El gobierno de Taiwán ordenó una serie de simulacros para ensayar un corredor de combustible seguro en caso de un bloqueo de China. El ejercicio militar muestra las preocupaciones estructurales de la isla, que experimenta actualmente restricciones energéticas al igual que buena parte de Asia, por el conflicto en Medio Oriente.
Las características insulares del territorio autogobernado democráticamente, pero reclamado por China, refuerzan su dependencia de las importaciones de combustible, un punto débil que Taipéi busca suplir con este tipo de ejercicios. El ensayo tiene componentes cívico-militares, y está destinado a asegurar la provisión de Gas Natural Licuado (GNL) en caso de conflicto armado.
Taiwán lanza simulacros para asegurar transporte de combustible en caso de un ataque de China
El escenario para el que se prepara Taiwán no es muy diferente al que ofrece actualmente el estrecho de Ormuz, vía por la que pasa buena parte del combustible que llega a Asia: los ejercicios simulan condiciones de disputa marítima como acceso restringido a puertos y operaciones de escolta a envíos de combustible.
Son, además, condiciones que afectarían directamente a Taiwán por sus acuciantes necesidades energéticas, destinadas a suplir tanto su defensa como su economía. Se trata de un territorio que depende de las importaciones de Gas Natural Licuado para sostener su potente industria tecnológica, que suple de microprocesadores al mundo.
Por eso, la iniciativa contó con la asistencia del Ministerio del Interior, las Fuerzas Armadas y agencias marítimas, que trabajaron en coordinación para responder a un escenario de confrontación en corredores marítimos. De esta manera, las autoridades esperan comprobar la resiliencia de los recursos logísticos, la coordinación del comando y las redes de distribución funcionando bajo presión.

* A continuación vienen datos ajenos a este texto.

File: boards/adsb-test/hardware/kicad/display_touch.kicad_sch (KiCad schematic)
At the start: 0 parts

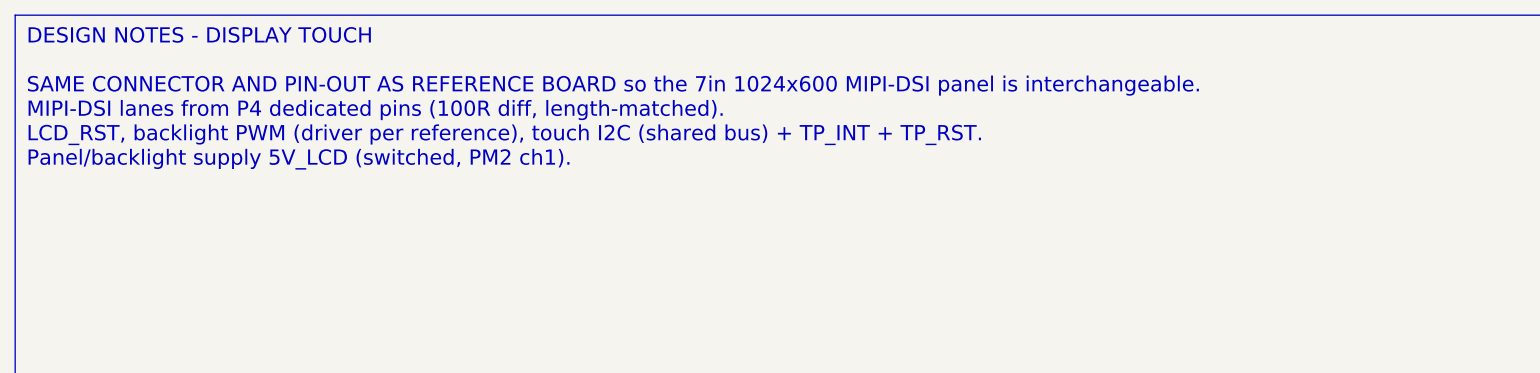
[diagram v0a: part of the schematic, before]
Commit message: Release v0.4.0: ADSB_Test with ESP32-C5, ADSBee m1421 and LA5016 header
- C6 -> C5 co-processor; m1421 identified and integrated (symbol/footprint
  from the ADSBee 1421 carrier, GPL-3.0 attribution)
- Power budget and 2S1P battery sizing for >= 1 h; USB-A for 1-2 SDRs via hub
- Dev port: FT2232H + RP2040 debugprobe; TCA6408A expander for slow I/O
- Test Debug sheet with LA5016 header and rail test points
- Vendor documents git-ignored (public repo)

Co-Authored-By: Claude Opus 5.5 <noreply@anthropic.com>
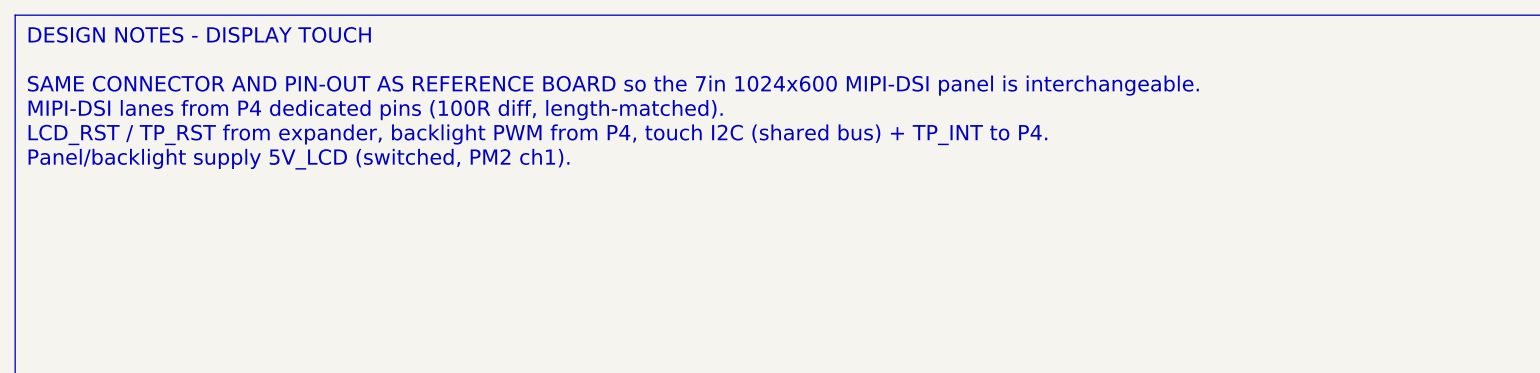
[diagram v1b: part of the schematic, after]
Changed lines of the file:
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@@
 		(comment 1 "Requirements: boards/adsb-test/docs/requirements.md")
 	)
-	(text_box "DESIGN NOTES - DISPLAY TOUCH\n\nSAME CONNECTOR AND PIN-OUT AS REFERENCE BOARD so the 7in 1024x600 MIPI-DSI panel is interchangeable.\nMIPI-DSI lanes from P4 dedicated pins (100R diff, length-matched).\nLCD_RST, backlight PWM (driver per reference), touch I2C (shared bus) + TP_INT + TP_RST.\nPanel/backlight supply 5V_LCD (switched, PM2 ch1)."
+	(text_box "DESIGN NOTES - DISPLAY TOUCH\n\nSAME CONNECTOR AND PIN-OUT AS REFERENCE BOARD so the 7in 1024x600 MIPI-DSI panel is interchangeable.\nMIPI-DSI lanes from P4 dedicated pins (100R diff, length-matched).\nLCD_RST / TP_RST from expander, backlight PWM from P4, touch I2C (shared bus) + TP_INT to P4.\nPanel/backlight supply 5V_LCD (switched, PM2 ch1)."
 		(exclude_from_sim no)
 		(at 20 20 0)

Además de replicar un escenario que ocurre actualmente en Medio Oriente, el ejercicio se prepara para una de las amenazas que Taipéi anticipa de Beijing: un bloqueo marítimo a gran escala que asfixie la vida en la isla, en lugar de un asalto anfibio directo -otro escenario para el que también ha tomado acciones el gobierno local-.
Uno de los ejercicios chinos más importantes del último tiempo alrededor de la isla incluyó un virtual bloqueo, al dividir las aguas circundantes a Taiwán en cinco zonas que fueron ocupadas por recursos navales y aéreos del Ejército de Liberación Popular. Los ejercicios se realizaron con fuego real en el estrecho de Taiwán e impactaron de forma directa en las rutas aéreas, forzando ajustes y cancelaciones que alcanzaron 941 vuelos en un lapso de alrededor de 10 horas, afectando a más de 100.000 pasajeros.
El episodio ocurrió el 30 de diciembre, en plena escalada por las maniobras “Justice Mission 2025”, y reactivó una lectura central: más allá del componente militar, Beijing está ensayando presión práctica sobre los corredores de circulación que sostienen la conectividad de la isla. Habiendo tomado nota de las implicancias posibles de un movimiento similar, Taiwán se prepara para combatir un eventual bloqueo.